Introduction: Binary Game

About: I like taking stuff apart and making random things

This is a game I created on Tinkercad Circuits to learn binary numbers.

If you want to follow along with this guide and build your own the files and code can be found on my github at

Step 1: Playable Version

Step 2: Parts Needed

1 Rugged Metal Pushbutton with White LED Ring - 16mm White Momentary

1 Adafruit METRO 328 with Headers - ATmega328 - Any Arduino Uno variation would also work. I like the Metro because the bottom is smooth, so I didn't need to put standoffs for the board in my design.

15 M3 x 8 Socket Head Cap Screw

3 M3 Nuts

1 16x2 LCD

4 40mm Standoffs

Silicone Cover Stranded-Core Wire - 30AWG - I used multiple colors to make wiring easy to follow.

9 Toggle Switch SPDT Panel Mount - Any style will work, but I wanted the flatted style.

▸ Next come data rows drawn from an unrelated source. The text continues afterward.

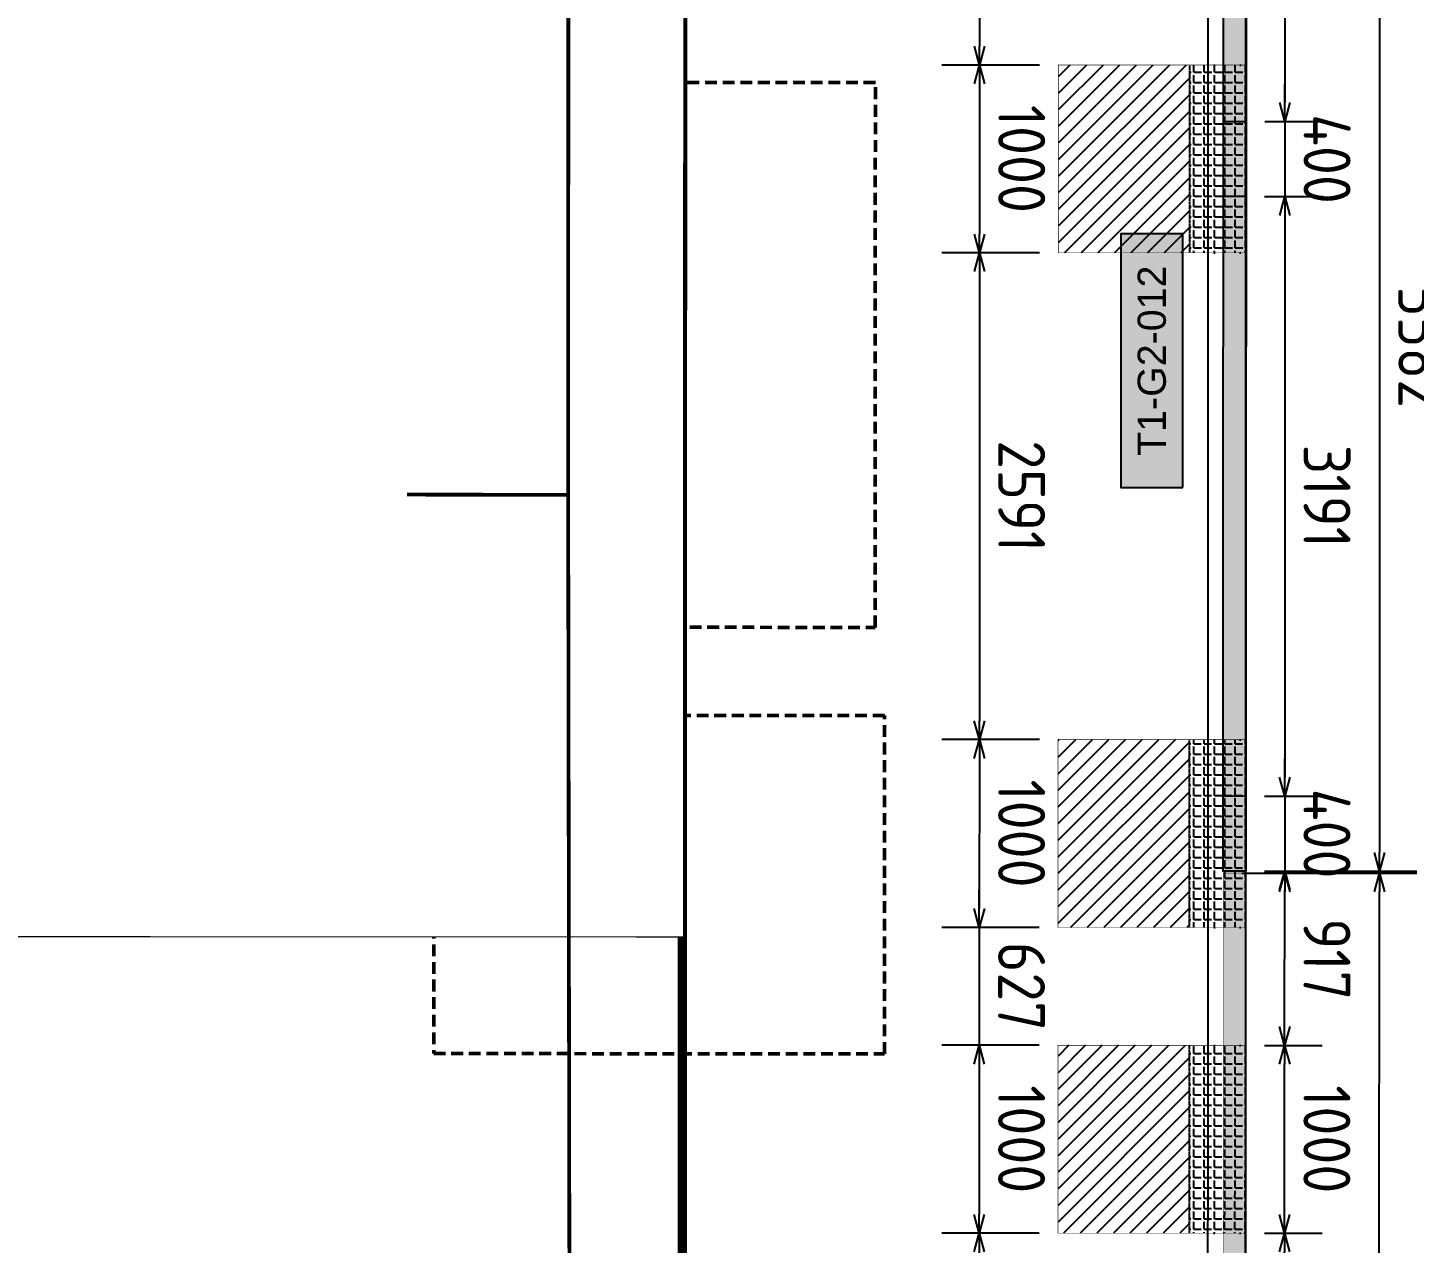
# Model space of a CAD drawing. Header units: centimetres. Extents: x -6122352 to 6876996, y -1694241 to 2592194.
# Drawn here: x 124843 to 132226, y -62308 to -55837 of the extents above; entities that cross this region are included whole.
import ezdxf
from ezdxf.enums import TextEntityAlignment as Align
from ezdxf.xclip import XClip

# ---------------------------------------------------------------- set-up
doc = ezdxf.new("R2010")
doc.units = ezdxf.units.CM
doc.header["$MEASUREMENT"] = 0
doc.header["$XCLIPFRAME"] = 2
doc.header["$PDMODE"] = 66
doc.header["$PDSIZE"] = 100
for name, pattern in [('CENTER', [2, 1.25, -0.25, 0.25, -0.25]), ('DASHED2', [0.375, 0.25, -0.125]), ('XR-AR-END-SETTING OUT PLAN$0$23261-XR-AR-SI-GF$0$HIDDEN', [0.375, 0.25, -0.125]), ('XR-AR-END-SETTING OUT PLAN$0$23585-XR-AR-END-GROUND FLOOR$0$23261-XR-AR-SI-GF$0$HIDDEN', [0.375, 0.25, -0.125]), ('XR-AR-END-SETTING OUT PLAN$0$23585-XR-AR-END-GROUND FLOOR$0$945-4P-1-101-GROUND FLOOR PLAN$0$XR-MIDDLE-GROUND FLOOR PLAN$0$HIDDEN2', [0.1875, 0.125, -0.0625]), ('XR-AR-END-SETTING OUT PLAN$0$23585-XR-AR-END-GROUND FLOOR$0$XR-END-GROUND FLOOR PLAN$0$HIDDEN2', [0.1875, 0.125, -0.0625])]:
    doc.linetypes.add(name, pattern=pattern)
doc.layers.get('Defpoints').update_dxf_attribs({"color": 255, "linetype": 'CENTER'})
for name, color, linetype, lineweight, true_color in [('08-Compound Wall-2', 6, 'Continuous', 25, 0xff00ff), ('23585-XR-AR-DAMAC PLOT LIMITS$0$1-End units', 7, 'Continuous', 5, 0xf8991e), ('23585-XR-AR-DAMAC PLOT LIMITS$0$1-Open Space', 7, 'Continuous', 5, 0x90cf5a)]:
    doc.layers.add(name, color=color, linetype=linetype, lineweight=lineweight, true_color=true_color)
for name, color, linetype in [('23585-XR-AR-BOUNDARY WALLS AND SETBACKS$0$setback', 7, 'XR-AR-END-SETTING OUT PLAN$0$23261-XR-AR-SI-GF$0$HIDDEN'), ('@MI-FOOTINGS', 7, 'Continuous'), ('@MI-MEP', 7, 'Continuous'), ('@MI-REF LAYER', 7, 'Continuous'), ('@MI-TYPE-01', 30, 'Continuous'), ('@MI-TYPE-02', 6, 'Continuous'), ('B_TH_4', 7, 'Continuous'), ('PANEL-TAGS', 7, 'Continuous'), ('XR-AR-END-SETTING OUT PLAN$0$23585-XR-AR-END-GROUND FLOOR$0$A-Flor-Strs', 1, 'Continuous')]:
    doc.layers.add(name, color=color, linetype=linetype)
for name, color, linetype, lineweight in [('@ Foundations', 4, 'DASHED2', 50), ('A-ANNO-TEXT', 3, 'Continuous', 25), ('XR-AR-END-SETTING OUT PLAN$0$23585-XR-AR-END-GROUND FLOOR$0$A-DOOR-FULL', 1, 'Continuous', 9), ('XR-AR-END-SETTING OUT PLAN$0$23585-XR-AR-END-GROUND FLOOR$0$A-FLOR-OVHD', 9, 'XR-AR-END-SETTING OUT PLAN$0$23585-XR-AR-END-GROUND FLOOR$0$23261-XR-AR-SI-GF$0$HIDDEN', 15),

9 Switch Dress Nut 1/4-40 - Optional, for appearance. You can also use the hardware the switch came with.

Step 3: Designing

I designed the case in Fusion 360. This allowed me to position all the parts and make sure they fit. Once that was done I was able to 3d print the case and see how it fits.

It fit together well so then I created an svg of the two panels. The next step was to get the files ready to be sent out for laser cutting. I followed the templates provided by Ponoko. The instructions also got put on the bottom plate so people would know how the game works.

It took a bit over a week to get my parts from Ponoko.

Step 4: Assembling Top Panel

The top panel goes together pretty easy.

First put the nine toggle switches through and tighten them down. Then put the m3 screws for the display in. Put the spacers on the other side and then thread the screws through the mounting holes on the display. Last part is the 16mm button.

Step 5: Assemble Bottom Panel

Use 3 M3 screws and nuts to fasten the board to the bottom plate. As you can see in the picture I had the holes wrong when laser cutting. I have fixed this for the template I put on github

Step 6: Wiring

To wire follow the diagram. The original design also used digital 1 and 0, but if the switches weren't in the correct position the board would have issues uploading code.

I soldered the wires to male headers plugged in to the Arduino board. This allows easy disconnecting in the future if you ever re-purpose the board. The LCD display also uses female headers to solder to.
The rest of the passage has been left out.